Luke’s prologue has a lengthy biography:
Luke was a native of Syrian Antioch, a physician by profession, a disciple of the apostles. Later he accompanied Paul until the latter's martyrdom, serving the Lord without distraction, for he had neither wife nor children. He died in Boeotia at the age of eighty-four, full of the Holy Spirit. So then, after two Gospels had already been written - Matthew's in Judea and Mark's in Italy - Luke wrote this Gospel in the region of Achaia, by inspiration of the Holy Spirit. At its outset, he indicated that other Gospels had been written before his own, but that the obligation lay upon him to set forth for the Gentile believers a complete account in the course of his narrative and to do so as accurately as possible. The object of this was that they might not be captivated on the one hand by a love for Jewish fables, nor on the other hand be deceived by heretical and vain imaginations and thus wander from the truth. So, right at the beginning, Luke has handed down to us the story of the birth of John [the Baptist], as a most essential [part of the Gospel story]; for John marks the beginning of the Gospel, since he was our Lord's forerunner and associate both in the preparation of the Gospel and in the administration of baptism and the fellowship of the Spirit. This ministry [of John's] was foretold by one of the Twelve Prophets [i.e. the minor prophets]. Later on, the same Luke wrote the Acts of the Apostles.
The anti-Marcion flavor of this prologue is evident when it is understood that included in the considerable mischief Marcion made with Luke’s gospel, he completely excised any reference to John the Baptist, since John the Baptist was a link between the new age and the Jewish past. Furthermore, the explicit reference to The Acts of the Apostles is a not very subtle reminder that Marcion rejected that work.

The most intriguing is John’s prologue:
The Gospel of John was published and given to the churches by John when he was still in the body, as Papias of Hierapolis, John’s dear disciple has related in his five exegetical books. He wrote down the gospel accurately at John’s dictation. But the heretic Marcion was rejected by John, after earning his disapproval for his contrary views.
There are several inaccuracies that jump out—certainly the apostle John was not a contemporary of Marcion.

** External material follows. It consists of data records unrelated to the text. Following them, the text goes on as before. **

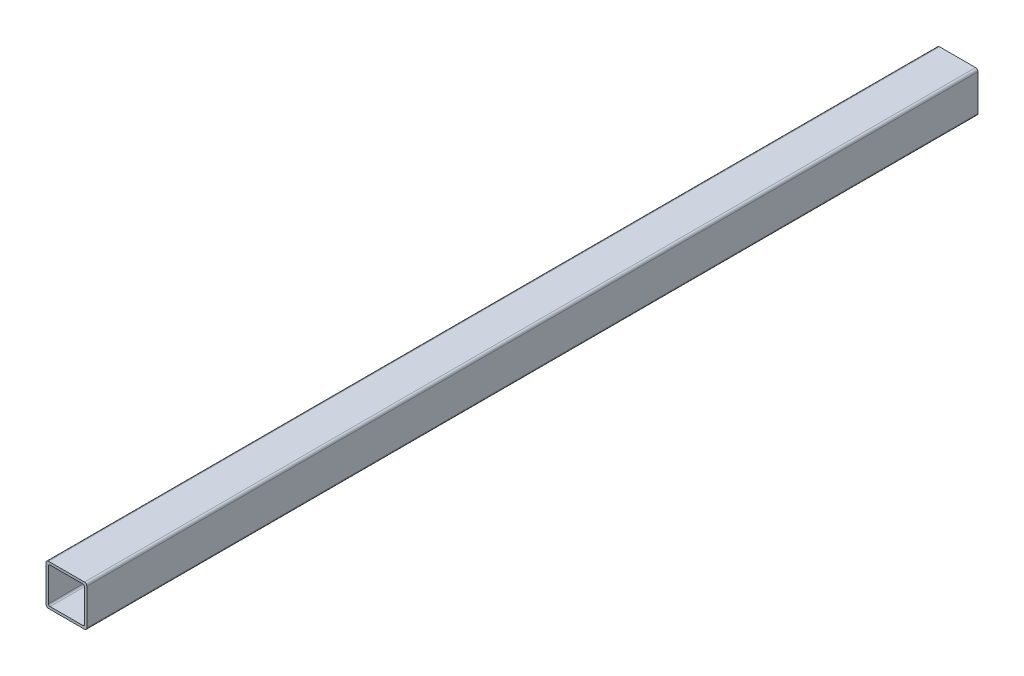
ISO-10303-21;
HEADER;
FILE_DESCRIPTION(('STEP AP214'),'2;1');
FILE_NAME('part.step','',(''),(''),'','','');
FILE_SCHEMA(('AUTOMOTIVE_DESIGN { 1 0 10303 214 1 1 1 1 }'));
ENDSEC;
DATA;
#1=APPLICATION_CONTEXT('core data for automotive mechanical design processes');
#2=APPLICATION_PROTOCOL_DEFINITION('international standard','automotive_design',2000,#1);
#3=PRODUCT_CONTEXT('',#1,'mechanical');
#4=PRODUCT('Part','Part','',(#3));
#5=PRODUCT_RELATED_PRODUCT_CATEGORY('part','',(#4));
#6=PRODUCT_DEFINITION_FORMATION('','',#4);
#7=PRODUCT_DEFINITION_CONTEXT('part definition',#1,'design');
#8=PRODUCT_DEFINITION('design','',#6,#7);
#9=PRODUCT_DEFINITION_SHAPE('','',#8);
#10=(LENGTH_UNIT() NAMED_UNIT(*) SI_UNIT(.MILLI.,.METRE.));
#11=(NAMED_UNIT(*) PLANE_ANGLE_UNIT() SI_UNIT($,.RADIAN.));
#12=(NAMED_UNIT(*) SI_UNIT($,.STERADIAN.) SOLID_ANGLE_UNIT());
#13=UNCERTAINTY_MEASURE_WITH_UNIT(LENGTH_MEASURE(1.E-05),#10,'distance_accuracy_value','');
#14=(GEOMETRIC_REPRESENTATION_CONTEXT(3) GLOBAL_UNCERTAINTY_ASSIGNED_CONTEXT((#13)) GLOBAL_UNIT_ASSIGNED_CONTEXT((#10,
#11,#12)) REPRESENTATION_CONTEXT('',''));
#15=CARTESIAN_POINT('',(0.,0.,0.));
#16=DIRECTION('',(0.,0.,1.));
#17=DIRECTION('',(1.,0.,0.));
#18=AXIS2_PLACEMENT_3D('',#15,#16,#17);
#19=CARTESIAN_POINT('',(-22.,-25.,-1160.71067811867));
#20=DIRECTION('',(0.,-1.,0.));
#21=DIRECTION('',(0.,0.,-1.));
#22=AXIS2_PLACEMENT_3D('',#19,#20,#21);
#23=PLANE('',#22);
#24=DIRECTION('',(-1.,0.,0.));
#25=VECTOR('',#24,1.);
#26=CARTESIAN_POINT('',(-22.,-25.,-1090.00000000001));
#27=LINE('',#26,#25);
#28=CARTESIAN_POINT('',(22.,-25.,-1090.00000000001));
#29=VERTEX_POINT('',#28);
#30=CARTESIAN_POINT('',(-22.,-25.,-1090.00000000001));
#31=VERTEX_POINT('',#30);
#32=EDGE_CURVE('E11',#29,#31,#27,.T.);
#33=ORIENTED_EDGE('',*,*,#32,.F.);
#34=DIRECTION('',(0.,0.,1.));
#35=VECTOR('',#34,1.);
#36=CARTESIAN_POINT('',(22.,-25.,-1160.71067811867));
#37=LINE('',#36,#35);
#38=CARTESIAN_POINT('',(22.,-25.,0.));
#39=VERTEX_POINT('',#38);
#40=EDGE_CURVE('E266',#29,#39,#37,.T.);
#41=ORIENTED_EDGE('',*,*,#40,.T.);
#42=DIRECTION('',(1.,0.,0.));
#43=VECTOR('',#42,1.);
#44=CARTESIAN_POINT('',(-22.,-25.,0.));
#45=LINE('',#44,#43);
#46=CARTESIAN_POINT('',(-22.,-25.,0.));
#47=VERTEX_POINT('',#46);
#48=EDGE_CURVE('E219',#47,#39,#45,.T.);
#49=ORIENTED_EDGE('',*,*,#48,.F.);
#50=DIRECTION('',(0.,0.,1.));
#51=VECTOR('',#50,1.);
#52=CARTESIAN_POINT('',(-22.,-25.,-1160.71067811867));
#53=LINE('',#52,#51);
#54=EDGE_CURVE('E247',#31,#47,#53,.T.);
#55=ORIENTED_EDGE('',*,*,#54,.F.);
#56=EDGE_LOOP('',(#33,#41,#49,#55));
#57=FACE_BOUND('',#56,.T.);
#58=ADVANCED_FACE('F36',(#57),#23,.T.);
#59=CARTESIAN_POINT('',(22.,-22.,-1160.71067811867));
#60=DIRECTION('',(0.,0.,1.));
#61=DIRECTION('',(1.,0.,0.));
#62=AXIS2_PLACEMENT_3D('',#59,#60,#61);
#63=CYLINDRICAL_SURFACE('',#62,3.);
#64=CARTESIAN_POINT('',(22.,-22.,-1090.00000000001));
#65=DIRECTION('',(0.,0.,1.));
#66=DIRECTION('',(1.,0.,0.));
#67=AXIS2_PLACEMENT_3D('',#64,#65,#66);
#68=CIRCLE('',#67,3.);
#69=CARTESIAN_POINT('',(25.,-22.,-1090.00000000001));
#70=VERTEX_POINT('',#69);
#71=EDGE_CURVE('E350',#70,#29,#68,.F.);
#72=ORIENTED_EDGE('',*,*,#71,.F.);
#73=DIRECTION('',(0.,0.,1.));
#74=VECTOR('',#73,1.);
#75=CARTESIAN_POINT('',(25.,-22.,-1160.71067811867));
#76=LINE('',#75,#74);
#77=CARTESIAN_POINT('',(25.,-22.,0.));
#78=VERTEX_POINT('',#77);
#79=EDGE_CURVE('E263',#70,#78,#76,.T.);
#80=ORIENTED_EDGE('',*,*,#79,.T.);
#81=CARTESIAN_POINT('',(22.,-22.,0.));
#82=DIRECTION('',(0.,0.,1.));
#83=DIRECTION('',(1.,0.,0.));
#84=AXIS2_PLACEMENT_3D('',#81,#82,#83);
#85=CIRCLE('',#84,3.);
#86=EDGE_CURVE('E223',#39,#78,#85,.T.);
#87=ORIENTED_EDGE('',*,*,#86,.F.);
#88=ORIENTED_EDGE('',*,*,#40,.F.);
#89=EDGE_LOOP('',(#72,#80,#87,#88));
#90=FACE_BOUND('',#89,.T.);
#91=ADVANCED_FACE('F379',(#90),#63,.T.);
#92=CARTESIAN_POINT('',(25.,22.,-1160.71067811867));
#93=DIRECTION('',(1.,0.,0.));
#94=DIRECTION('',(0.,0.,-1.));
#95=AXIS2_PLACEMENT_3D('',#92,#93,#94);
#96=PLANE('',#95);
#97=DIRECTION('',(0.,-1.,0.));
#98=VECTOR('',#97,1.);
#99=CARTESIAN_POINT('',(25.,22.,-1090.00000000001));
#100=LINE('',#99,#98);
#101=CARTESIAN_POINT('',(25.,22.,-1090.00000000001));
#102=VERTEX_POINT('',#101);
#103=EDGE_CURVE('E353',#102,#70,#100,.T.);
#104=ORIENTED_EDGE('',*,*,#103,.F.);
#105=DIRECTION('',(0.,0.,1.));
#106=VECTOR('',#105,1.);
#107=CARTESIAN_POINT('',(25.,22.,-1160.71067811867));
#108=LINE('',#107,#106);
#109=CARTESIAN_POINT('',(25.,22.,0.));
#110=VERTEX_POINT('',#109);
#111=EDGE_CURVE('E260',#102,#110,#108,.T.);
#112=ORIENTED_EDGE('',*,*,#111,.T.);
#113=DIRECTION('',(0.,1.,0.));
#114=VECTOR('',#113,1.);
#115=CARTESIAN_POINT('',(25.,22.,0.));
#116=LINE('',#115,#114);
#117=EDGE_CURVE('E227',#78,#110,#116,.T.);
#118=ORIENTED_EDGE('',*,*,#117,.F.);
#119=ORIENTED_EDGE('',*,*,#79,.F.);
#120=EDGE_LOOP('',(#104,#112,#118,#119));
#121=FACE_BOUND('',#120,.T.);
#122=ADVANCED_FACE('F376',(#121),#96,.T.);
#123=CARTESIAN_POINT('',(22.,22.,-1160.71067811867));
#124=DIRECTION('',(0.,0.,1.));
#125=DIRECTION('',(1.,0.,0.));
#126=AXIS2_PLACEMENT_3D('',#123,#124,#125);
#127=CYLINDRICAL_SURFACE('',#126,3.00000000000001);
#128=CARTESIAN_POINT('',(22.,22.,-1090.00000000001));
#129=DIRECTION('',(0.,0.,1.));
#130=DIRECTION('',(1.,0.,0.));
#131=AXIS2_PLACEMENT_3D('',#128,#129,#130);
#132=CIRCLE('',#131,3.00000000000001);
#133=CARTESIAN_POINT('',(22.,25.,-1090.00000000001));
#134=VERTEX_POINT('',#133);
#135=EDGE_CURVE('E356',#134,#102,#132,.F.);
#136=ORIENTED_EDGE('',*,*,#135,.F.);
#137=DIRECTION('',(0.,0.,1.));
#138=VECTOR('',#137,1.);
#139=CARTESIAN_POINT('',(22.,25.,-1160.71067811867));
#140=LINE('',#139,#138);
#141=CARTESIAN_POINT('',(22.,25.,0.));
#142=VERTEX_POINT('',#141);
#143=EDGE_CURVE('E257',#134,#142,#140,.T.);
#144=ORIENTED_EDGE('',*,*,#143,.T.);
#145=CARTESIAN_POINT('',(22.,22.,0.));
#146=DIRECTION('',(0.,0.,1.));
#147=DIRECTION('',(-1.,0.,0.));
#148=AXIS2_PLACEMENT_3D('',#145,#146,#147);
#149=CIRCLE('',#148,3.00000000000001);
#150=EDGE_CURVE('E231',#110,#142,#149,.T.);
#151=ORIENTED_EDGE('',*,*,#150,.F.);
#152=ORIENTED_EDGE('',*,*,#111,.F.);
#153=EDGE_LOOP('',(#136,#144,#151,#152));
#154=FACE_BOUND('',#153,.T.);
#155=ADVANCED_FACE('F369',(#154),#127,.T.);
#156=CARTESIAN_POINT('',(-22.,25.,-1160.71067811867));
#157=DIRECTION('',(0.,1.,0.));
#158=DIRECTION('',(-1.,0.,0.));
#159=AXIS2_PLACEMENT_3D('',#156,#157,#158);
#160=PLANE('',#159);
#161=DIRECTION('',(1.,0.,0.));
#162=VECTOR('',#161,1.);
#163=CARTESIAN_POINT('',(-22.,25.,-1090.00000000001));
#164=LINE('',#163,#162);
#165=CARTESIAN_POINT('',(-22.,25.,-1090.00000000001));
#166=VERTEX_POINT('',#165);
#167=EDGE_CURVE('E298',#166,#134,#164,.T.);
#168=ORIENTED_EDGE('',*,*,#167,.F.);
#169=DIRECTION('',(0.,0.,1.));
#170=VECTOR('',#169,1.);
#171=CARTESIAN_POINT('',(-22.,25.,-1160.71067811867));
#172=LINE('',#171,#170);
#173=CARTESIAN_POINT('',(-22.,25.,0.));
#174=VERTEX_POINT('',#173);
#175=EDGE_CURVE('E254',#166,#174,#172,.T.);
#176=ORIENTED_EDGE('',*,*,#175,.T.);
#177=DIRECTION('',(-1.,0.,0.));
#178=VECTOR('',#177,1.);
#179=CARTESIAN_POINT('',(-22.,25.,0.));
#180=LINE('',#179,#178);
#181=EDGE_CURVE('E235',#142,#174,#180,.T.);
#182=ORIENTED_EDGE('',*,*,#181,.F.);
#183=ORIENTED_EDGE('',*,*,#143,.F.);
#184=EDGE_LOOP('',(#168,#176,#182,#183));
#185=FACE_BOUND('',#184,.T.);
#186=ADVANCED_FACE('F372',(#185),#160,.T.);
#187=CARTESIAN_POINT('',(-22.,22.,-1160.71067811867));
#188=DIRECTION('',(0.,0.,1.));
#189=DIRECTION('',(1.,0.,0.));
#190=AXIS2_PLACEMENT_3D('',#187,#188,#189);
#191=CYLINDRICAL_SURFACE('',#190,3.);
#192=CARTESIAN_POINT('',(-22.,22.,-1090.00000000001));
#193=DIRECTION('',(0.,0.,1.));
#194=DIRECTION('',(1.,0.,0.));
#195=AXIS2_PLACEMENT_3D('',#192,#193,#194);
#196=CIRCLE('',#195,3.);
#197=CARTESIAN_POINT('',(-25.,22.,-1090.00000000001));
#198=VERTEX_POINT('',#197);
#199=EDGE_CURVE('E291',#198,#166,#196,.F.);
#200=ORIENTED_EDGE('',*,*,#199,.F.);
#201=DIRECTION('',(0.,0.,1.));
#202=VECTOR('',#201,1.);
#203=CARTESIAN_POINT('',(-25.,22.,-1160.71067811867));
#204=LINE('',#203,#202);
#205=CARTESIAN_POINT('',(-25.,22.,0.));
#206=VERTEX_POINT('',#205);
#207=EDGE_CURVE('E251',#198,#206,#204,.T.);
#208=ORIENTED_EDGE('',*,*,#207,.T.);
#209=CARTESIAN_POINT('',(-22.,22.,0.));
#210=DIRECTION('',(0.,0.,1.));
#211=DIRECTION('',(1.,0.,0.));
#212=AXIS2_PLACEMENT_3D('',#209,#210,#211);
#213=CIRCLE('',#212,3.);
#214=EDGE_CURVE('E239',#174,#206,#213,.T.);
#215=ORIENTED_EDGE('',*,*,#214,.F.);
#216=ORIENTED_EDGE('',*,*,#175,.F.);
#217=EDGE_LOOP('',(#200,#208,#215,#216));
#218=FACE_BOUND('',#217,.T.);
#219=ADVANCED_FACE('F392',(#218),#191,.T.);
#220=CARTESIAN_POINT('',(-25.,22.,-1160.71067811867));
#221=DIRECTION('',(-1.,0.,0.));
#222=DIRECTION('',(0.,0.,1.));
#223=AXIS2_PLACEMENT_3D('',#220,#221,#222);
#224=PLANE('',#223);
#225=DIRECTION('',(0.,1.,0.));
#226=VECTOR('',#225,1.);
#227=CARTESIAN_POINT('',(-25.,22.,-1090.00000000001));
#228=LINE('',#227,#226);
#229=CARTESIAN_POINT('',(-25.,-22.,-1090.00000000001));
#230=VERTEX_POINT('',#229);
#231=EDGE_CURVE('E287',#230,#198,#228,.T.);
#232=ORIENTED_EDGE('',*,*,#231,.F.);
#233=DIRECTION('',(0.,0.,1.));
#234=VECTOR('',#233,1.);
#235=CARTESIAN_POINT('',(-25.,-22.,-1160.71067811867));
#236=LINE('',#235,#234);
#237=CARTESIAN_POINT('',(-25.,-22.,0.));
#238=VERTEX_POINT('',#237);
#239=EDGE_CURVE('E248',#230,#238,#236,.T.);
#240=ORIENTED_EDGE('',*,*,#239,.T.);
#241=DIRECTION('',(0.,-1.,0.));
#242=VECTOR('',#241,1.);
#243=CARTESIAN_POINT('',(-25.,22.,0.));
#244=LINE('',#243,#242);
#245=EDGE_CURVE('E243',#206,#238,#244,.T.);
#246=ORIENTED_EDGE('',*,*,#245,.F.);
#247=ORIENTED_EDGE('',*,*,#207,.F.);
#248=EDGE_LOOP('',(#232,#240,#246,#247));
#249=FACE_BOUND('',#248,.T.);
#250=ADVANCED_FACE('F286',(#249),#224,.T.);
#251=CARTESIAN_POINT('',(-22.,-22.,-1160.71067811867));
#252=DIRECTION('',(0.,0.,1.));
#253=DIRECTION('',(1.,0.,0.));
#254=AXIS2_PLACEMENT_3D('',#251,#252,#253);
#255=CYLINDRICAL_SURFACE('',#254,3.);
#256=CARTESIAN_POINT('',(-22.,-22.,-1090.00000000001));
#257=DIRECTION('',(0.,0.,1.));
#258=DIRECTION('',(1.,0.,0.));
#259=AXIS2_PLACEMENT_3D('',#256,#257,#258);
#260=CIRCLE('',#259,3.);
#261=EDGE_CURVE('E276',#31,#230,#260,.F.);
#262=ORIENTED_EDGE('',*,*,#261,.F.);
#263=ORIENTED_EDGE('',*,*,#54,.T.);
#264=CARTESIAN_POINT('',(-22.,-22.,0.));
#265=DIRECTION('',(0.,0.,1.));
#266=DIRECTION('',(1.,0.,0.));
#267=AXIS2_PLACEMENT_3D('',#264,#265,#266);
#268=CIRCLE('',#267,3.);
#269=EDGE_CURVE('E199',#238,#47,#268,.T.);
#270=ORIENTED_EDGE('',*,*,#269,.F.);
#271=ORIENTED_EDGE('',*,*,#239,.F.);
#272=EDGE_LOOP('',(#262,#263,#270,#271));
#273=FACE_BOUND('',#272,.T.);
#274=ADVANCED_FACE('F38',(#273),#255,.T.);
#275=CARTESIAN_POINT('',(-22.,-22.,0.));
#276=DIRECTION('',(0.,0.,1.));
#277=DIRECTION('',(1.,0.,0.));
#278=AXIS2_PLACEMENT_3D('',#275,#276,#277);
#279=PLANE('',#278);
#280=CARTESIAN_POINT('',(-20.,-20.,0.));
#281=DIRECTION('',(0.,0.,1.));
#282=DIRECTION('',(1.,0.,0.));
#283=AXIS2_PLACEMENT_3D('',#280,#281,#282);
#284=CIRCLE('',#283,2.);
#285=CARTESIAN_POINT('',(-22.,-20.,0.));
#286=VERTEX_POINT('',#285);
#287=CARTESIAN_POINT('',(-20.,-22.,0.));
#288=VERTEX_POINT('',#287);
#289=EDGE_CURVE('E166',#286,#288,#284,.T.);
#290=ORIENTED_EDGE('',*,*,#289,.F.);
#291=DIRECTION('',(0.,-1.,0.));
#292=VECTOR('',#291,1.);
#293=CARTESIAN_POINT('',(-22.,20.,0.));
#294=LINE('',#293,#292);
#295=CARTESIAN_POINT('',(-22.,20.,0.));
#296=VERTEX_POINT('',#295);
#297=EDGE_CURVE('E192',#296,#286,#294,.T.);
#298=ORIENTED_EDGE('',*,*,#297,.F.);
#299=CARTESIAN_POINT('',(-20.,20.,0.));
#300=DIRECTION('',(0.,0.,1.));
#301=DIRECTION('',(1.,0.,0.));
#302=AXIS2_PLACEMENT_3D('',#299,#300,#301);
#303=CIRCLE('',#302,2.);
#304=CARTESIAN_POINT('',(-20.,22.,0.));
#305=VERTEX_POINT('',#304);
#306=EDGE_CURVE('E188',#305,#296,#303,.T.);
#307=ORIENTED_EDGE('',*,*,#306,.F.);
#308=DIRECTION('',(-1.,0.,0.));
#309=VECTOR('',#308,1.);
#310=CARTESIAN_POINT('',(-20.,22.,0.));
#311=LINE('',#310,#309);
#312=CARTESIAN_POINT('',(20.,22.,0.));
#313=VERTEX_POINT('',#312);
#314=EDGE_CURVE('E184',#313,#305,#311,.T.);
#315=ORIENTED_EDGE('',*,*,#314,.F.);
#316=CARTESIAN_POINT('',(20.,20.,0.));
#317=DIRECTION('',(0.,0.,1.));
#318=DIRECTION('',(-1.,0.,0.));
#319=AXIS2_PLACEMENT_3D('',#316,#317,#318);
#320=CIRCLE('',#319,2.);
#321=CARTESIAN_POINT('',(22.,20.,0.));
#322=VERTEX_POINT('',#321);
#323=EDGE_CURVE('E177',#322,#313,#320,.T.);
#324=ORIENTED_EDGE('',*,*,#323,.F.);
#325=DIRECTION('',(0.,1.,0.));
#326=VECTOR('',#325,1.);
#327=CARTESIAN_POINT('',(22.,20.,0.));
#328=LINE('',#327,#326);
#329=CARTESIAN_POINT('',(22.,-20.,0.));
#330=VERTEX_POINT('',#329);
#331=EDGE_CURVE('E172',#330,#322,#328,.T.);
#332=ORIENTED_EDGE('',*,*,#331,.F.);
#333=CARTESIAN_POINT('',(20.,-20.,0.));
#334=DIRECTION('',(0.,0.,1.));
#335=DIRECTION('',(1.,0.,0.));
#336=AXIS2_PLACEMENT_3D('',#333,#334,#335);
#337=CIRCLE('',#336,2.);
#338=CARTESIAN_POINT('',(20.,-22.,0.));
#339=VERTEX_POINT('',#338);
#340=EDGE_CURVE('E151',#339,#330,#337,.T.);
#341=ORIENTED_EDGE('',*,*,#340,.F.);
#342=DIRECTION('',(1.,0.,0.));
#343=VECTOR('',#342,1.);
#344=CARTESIAN_POINT('',(-20.,-22.,0.));
#345=LINE('',#344,#343);
#346=EDGE_CURVE('E159',#288,#339,#345,.T.);
#347=ORIENTED_EDGE('',*,*,#346,.F.);
#348=EDGE_LOOP('',(#290,#298,#307,#315,#324,#332,#341,#347));
#349=FACE_BOUND('',#348,.T.);
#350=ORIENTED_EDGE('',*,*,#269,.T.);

Another anti-Marcion document was a list of books that represents the canon near the end of the second century. It was discovered by L. A. Muratori in 1740. The beginning is missing, and the first book mentioned is the gospel of Luke and it’s called the third, so it is reasonable to assume that it included Matthew and Mark as the first and second books. From this we see what books are in the canon around A.D. 200. The four gospels, Acts, Paul’s thirteen letters, Jude, two epistles of John (the second of which is possibly what we now consider the second and third.) Revelation, and a second Revelation due to Peter. This book is known and was read in some churches –its lurid treatment of the state of the damned is believed to underlie much medieval writing on the subject including Dante’s Inferno.

Some believe the epistles of Peter are omitted by error. Regardless, we have essentially a recognizable canon, with the notable absence of Hebrews and James.

In summary, from the earliest days of the Christianity, most of the books in the New Testament were recognized as scripture. The books mentioned, Hebrews, James, 2 Peter, 2 and 3 John, Jude and Revelation were delayed in that they lacked universal endorsement. These disputes were settles by the fourth century. In AD 363 The Council of Laodicia listed all the New Testament books except Revelation. In AD 367 Athanasius of Alexandria cited all 27 New Testament books in a letter. And in AD 397, the Third Council of Carthage became the first ecumenical council to list all 27 books.